Im trying to create a recursive function that contains a vector of numbers and has a key, which is the number we are looking for in the vector.

Each time the key is found the function should display a count for how many times the key appears in the vector.

For some reason my recursive function is only returning the number 1 (disregard the 10 I was just testing something)

Here's my code:

int recursive_count(const vector<int>& vec, int key, size_t start){
    if (start == vec.size())
        return true;
    return (vec[start] == key? 23 : key)
        && recursive_count(vec, key, (start+1));
}


int main() {

    vector <int> coco;

    for (int i = 0; i<10; i++) {
        coco.push_back(i);
    }

    cout << coco.size() << endl;

    int j = 6;


    cout << recursive_count(coco, j, 0) << endl;

}
amit
  • 175,853
  • 27
  • 231
  • 333
Manny O
  • 97
  • 2
  • 14
  • 1
    What happens when you step through it with a debugger? – Daniel Daranas Oct 15 '13 at 13:26
  • 3
    What did you expect the result to be? You are returning a boolean answer – amit Oct 15 '13 at 13:26
  • Not sure what you are trying to do, but as is - your function will return false (0) if and only if the input `key` is 0, and 0 is in the vector. Otherwise it will return 1. – amit Oct 15 '13 at 13:27

4 Answers4

3

Not sure what you are trying to do, but as is - your function will return false (0) if and only if the input key is 0 and it is in the vector. Otherwise it will return 1.

This is because you are basically doing boolean AND operation. The operands are true for all values that are not 0, and the only way to get a 0 - is if it is in the vector - and the key is 0.

So, unless you get a false (0) along the way, the answer to the boolean formula is true, which provides the 1.


EDIT:

If you are trying to do count how many times the key is in vec - do the same thing you did in iterative approach:

  1. Start from 0 (make stop condition return 0; instead of return true;)
  2. Increase by 1 whenever the key is found instead of using operator&&, use the operator+.

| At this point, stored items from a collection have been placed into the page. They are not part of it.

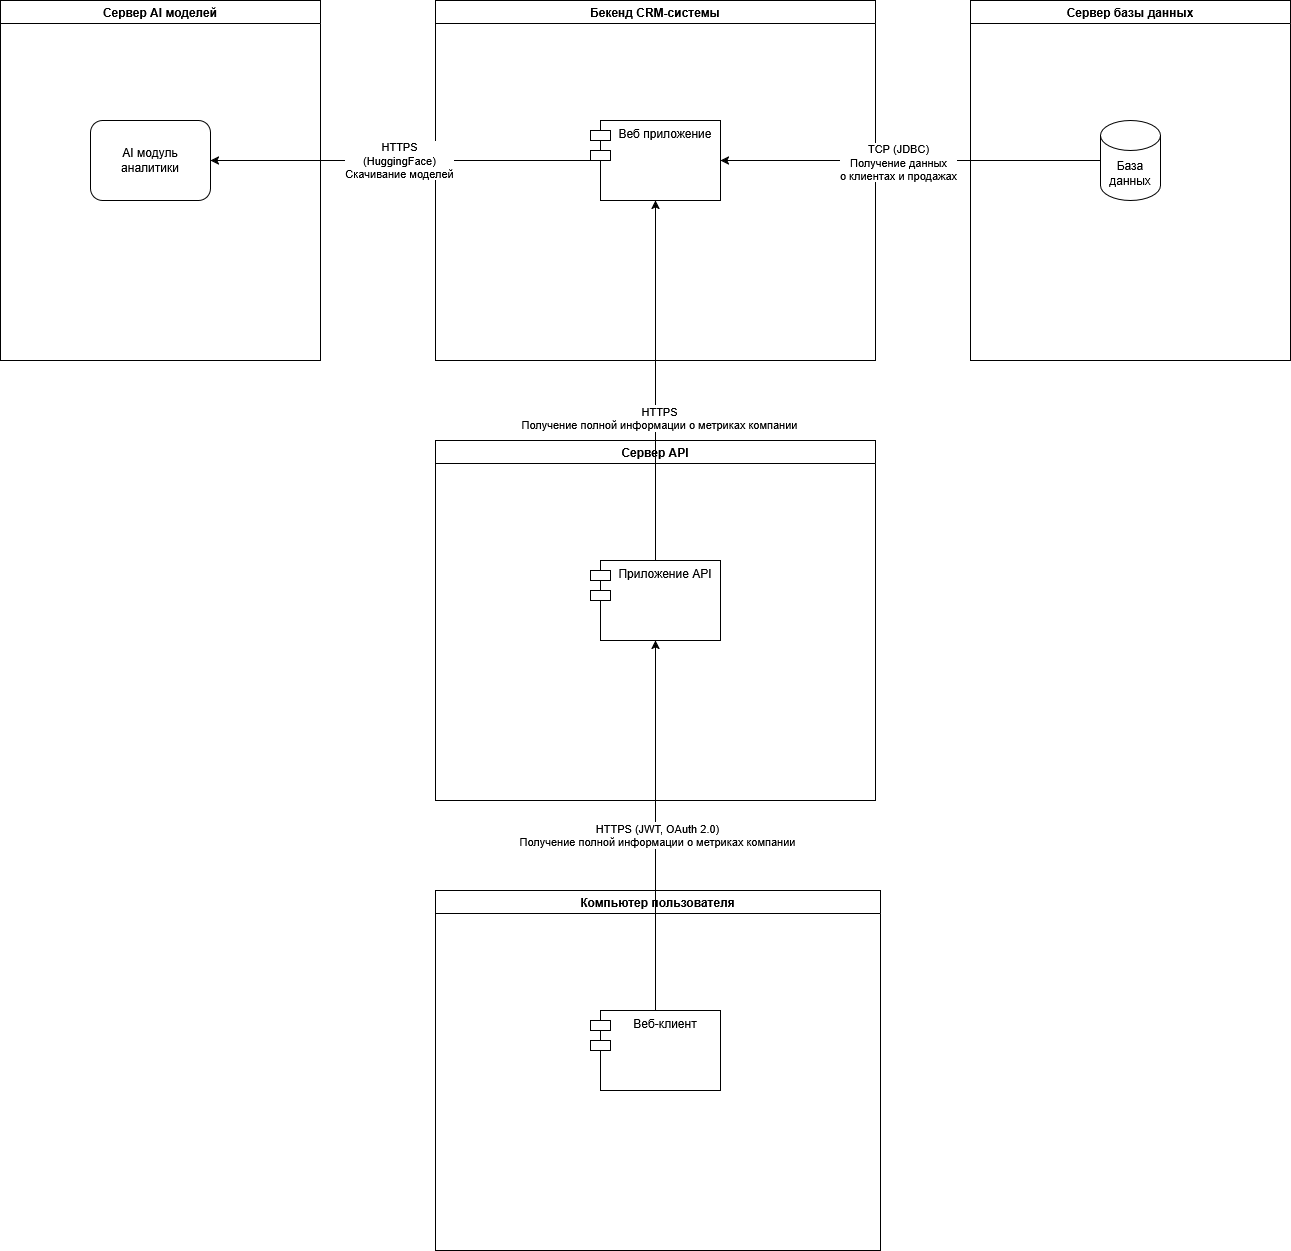

The diagram above was exported from draw.io. Its source (the exported page's mxGraphModel, read from the mxfile embedded in the PNG):
<mxGraphModel dx="2130" dy="1848" grid="1" gridSize="10" guides="1" tooltips="1" connect="1" arrows="1" fold="1" page="1" pageScale="1" pageWidth="827" pageHeight="1169" math="0" shadow="0">
  <root>
    <mxCell id="0" />
    <mxCell id="1" parent="0" />
    <mxCell id="FqN9Z43coe6F42xjJTn4-1" parent="1" style="swimlane;whiteSpace=wrap;html=1;" value="Компьютер пользователя" vertex="1">
      <mxGeometry height="360" width="445" x="215" y="740" as="geometry" />
    </mxCell>
    <mxCell id="FqN9Z43coe6F42xjJTn4-24" parent="FqN9Z43coe6F42xjJTn4-1" style="shape=module;align=left;spacingLeft=20;align=center;verticalAlign=top;whiteSpace=wrap;html=1;" value="Веб-клиент" vertex="1">
      <mxGeometry height="80" width="130" x="155" y="120" as="geometry" />
    </mxCell>
    <mxCell id="FqN9Z43coe6F42xjJTn4-2" parent="1" style="swimlane;whiteSpace=wrap;html=1;" value="Бекенд CRM-системы" vertex="1">
      <mxGeometry height="360" width="440" x="215" y="-150" as="geometry" />
    </mxCell>
    <mxCell id="FqN9Z43coe6F42xjJTn4-13" parent="FqN9Z43coe6F42xjJTn4-2" style="shape=module;align=left;spacingLeft=20;align=center;verticalAlign=top;whiteSpace=wrap;html=1;" value="Веб приложение" vertex="1">
      <mxGeometry height="80" width="130" x="155" y="120" as="geometry" />
    </mxCell>
    <mxCell id="FqN9Z43coe6F42xjJTn4-22" edge="1" parent="1" source="FqN9Z43coe6F42xjJTn4-13" style="edgeStyle=orthogonalEdgeStyle;rounded=0;orthogonalLoop=1;jettySize=auto;html=1;entryX=1;entryY=0.5;entryDx=0;entryDy=0;" target="FqN9Z43coe6F42xjJTn4-3">
      <mxGeometry relative="1" as="geometry" />
    </mxCell>
    <mxCell id="FqN9Z43coe6F42xjJTn4-23" connectable="0" parent="FqN9Z43coe6F42xjJTn4-22" style="edgeLabel;html=1;align=center;verticalAlign=middle;resizable=0;points=[];" value="HTTPS&lt;br&gt;(HuggingFace)&lt;br&gt;Скачивание моделей" vertex="1">
      <mxGeometry relative="1" x="0.0308" y="-1" as="geometry">
        <mxPoint x="4" as="offset" />
      </mxGeometry>
    </mxCell>
    <mxCell id="EpYGPfDYAvu-ERU8MtCV-1" parent="1" style="swimlane;whiteSpace=wrap;html=1;" value="Сервер AI моделей" vertex="1">
      <mxGeometry height="360" width="320" x="-220" y="-150" as="geometry" />
    </mxCell>
    <mxCell id="FqN9Z43coe6F42xjJTn4-3" parent="EpYGPfDYAvu-ERU8MtCV-1" style="rounded=1;whiteSpace=wrap;html=1;" value="AI модуль&lt;br&gt;аналитики" vertex="1">
      <mxGeometry height="80" width="120" x="90" y="120" as="geometry" />
    </mxCell>
    <mxCell id="EpYGPfDYAvu-ERU8MtCV-2" parent="1" style="swimlane;whiteSpace=wrap;html=1;" value="Сервер базы данных" vertex="1">
      <mxGeometry height="360" width="320" x="750" y="-150" as="geometry" />
    </mxCell>
    <mxCell id="FqN9Z43coe6F42xjJTn4-4" parent="EpYGPfDYAvu-ERU8MtCV-2" style="shape=cylinder3;whiteSpace=wrap;html=1;boundedLbl=1;backgroundOutline=1;size=15;" value="База&lt;br&gt;данных" vertex="1">
      <mxGeometry height="80" width="60" x="130" y="120" as="geometry" />
    </mxCell>
    <mxCell id="FqN9Z43coe6F42xjJTn4-8" edge="1" parent="1" source="FqN9Z43coe6F42xjJTn4-4" style="edgeStyle=orthogonalEdgeStyle;rounded=0;orthogonalLoop=1;jettySize=auto;html=1;entryX=1;entryY=0.5;entryDx=0;entryDy=0;" target="FqN9Z43coe6F42xjJTn4-13">
      <mxGeometry relative="1" as="geometry">
        <mxPoint x="635" y="10" as="targetPoint" />
      </mxGeometry>
    </mxCell>
    <mxCell id="FqN9Z43coe6F42xjJTn4-9" connectable="0" parent="FqN9Z43coe6F42xjJTn4-8" style="edgeLabel;html=1;align=center;verticalAlign=middle;resizable=0;points=[];" value="TCP (JDBC)&lt;br&gt;Получение данных&lt;br&gt;о клиентах и продажах" vertex="1">
      <mxGeometry relative="1" x="0.07" y="1" as="geometry">
        <mxPoint as="offset" />
      </mxGeometry>
    </mxCell>
    <mxCell id="PuEwhwLCKRmZV_t-vDpo-2" parent="1" style="swimlane;whiteSpace=wrap;html=1;" value="Сервер API" vertex="1">
      <mxGeometry height="360" width="440" x="215" y="290" as="geometry" />
    </mxCell>
    <mxCell id="PuEwhwLCKRmZV_t-vDpo-3" parent="PuEwhwLCKRmZV_t-vDpo-2" style="shape=module;align=left;spacingLeft=20;align=center;verticalAlign=top;whiteSpace=wrap;html=1;" value="Приложение API" vertex="1">
      <mxGeometry height="80" width="130" x="155" y="120" as="geometry" />
    </mxCell>
    <mxCell id="PuEwhwLCKRmZV_t-vDpo-4" edge="1" parent="1" source="FqN9Z43coe6F42xjJTn4-24" style="edgeStyle=orthogonalEdgeStyle;rounded=0;orthogonalLoop=1;jettySize=auto;html=1;entryX=0.5;entryY=1;entryDx=0;entryDy=0;" target="PuEwhwLCKRmZV_t-vDpo-3">
      <mxGeometry relative="1" as="geometry" />
    </mxCell>
    <mxCell id="PuEwhwLCKRmZV_t-vDpo-11" connectable="0" parent="PuEwhwLCKRmZV_t-vDpo-4" style="edgeLabel;html=1;align=center;verticalAlign=middle;resizable=0;points=[];" value="HTTPS (JWT, OAuth 2.0)&lt;br&gt;Получение полной информации о метриках компании" vertex="1">
      <mxGeometry relative="1" x="-0.0432" y="-1" as="geometry">
        <mxPoint y="1" as="offset" />
      </mxGeometry>
    </mxCell>
    <mxCell id="PuEwhwLCKRmZV_t-vDpo-5" edge="1" parent="1" source="PuEwhwLCKRmZV_t-vDpo-3" style="edgeStyle=orthogonalEdgeStyle;rounded=0;orthogonalLoop=1;jettySize=auto;html=1;entryX=0.5;entryY=1;entryDx=0;entryDy=0;" target="FqN9Z43coe6F42xjJTn4-13">
      <mxGeometry relative="1" as="geometry" />
    </mxCell>
    <mxCell id="PuEwhwLCKRmZV_t-vDpo-7" connectable="0" parent="PuEwhwLCKRmZV_t-vDpo-5" style="edgeLabel;html=1;align=center;verticalAlign=middle;resizable=0;points=[];" value="&lt;div&gt;HTTPS&lt;/div&gt;&lt;div&gt;Получение полной информации о метриках компании&lt;/div&gt;" vertex="1">
      <mxGeometry relative="1" x="-0.2033" y="-3" as="geometry">
        <mxPoint as="offset" />
      </mxGeometry>
    </mxCell>
  </root>
</mxGraphModel>

(I did not give a direct full answer because it seems like HW, try to follow these hints, and ask if you have more questions).

amit
  • 175,853
  • 27
  • 231
  • 333
  • Ok I see but when I changed it to: if (start == vec.size()) return 0; I still received the same error. The start variable is supposed to be set to 0 and keep increasing by 1 until it gets to the size of the vector and then the recursion ends. – Manny O Oct 15 '13 at 13:32
  • 1
    @MannyO: That does not change anything. `23 && 5 == 1`, because result of `&&` is always 0 or 1. You'd only get 5 if the vector was empty. It isn't. – Jan Hudec Oct 15 '13 at 13:34
  • @MannyO What exactly are you trying to achieve? – amit Oct 15 '13 at 13:36
  • I want the function to go through recursively and count how many times the key appears in the vector – Manny O Oct 15 '13 at 13:37
  • @MannyO I gave you some hints how to do so, try to have a look and feel free to ask more question if you fail – amit Oct 15 '13 at 13:41
2

Your recursive_count function always evaluates to a bool

You are either explicitly returning true

if (start == vec.size())
  return true;

or returning a boolean compare

return (vec[start] == key? 23 : key) // this term gets evaluated
        &&  // the term above and below get 'anded', which returns true or false.
        recursive_count(vec, key, (start+1)) // this term gets evaluated

It then gets cast to your return type ( int ), meaning you will only ever get 0 or 1 returned.

Kindread
  • 926
  • 4
  • 12
2

To me it seems that a recursive function for that is nonsense, but anyway...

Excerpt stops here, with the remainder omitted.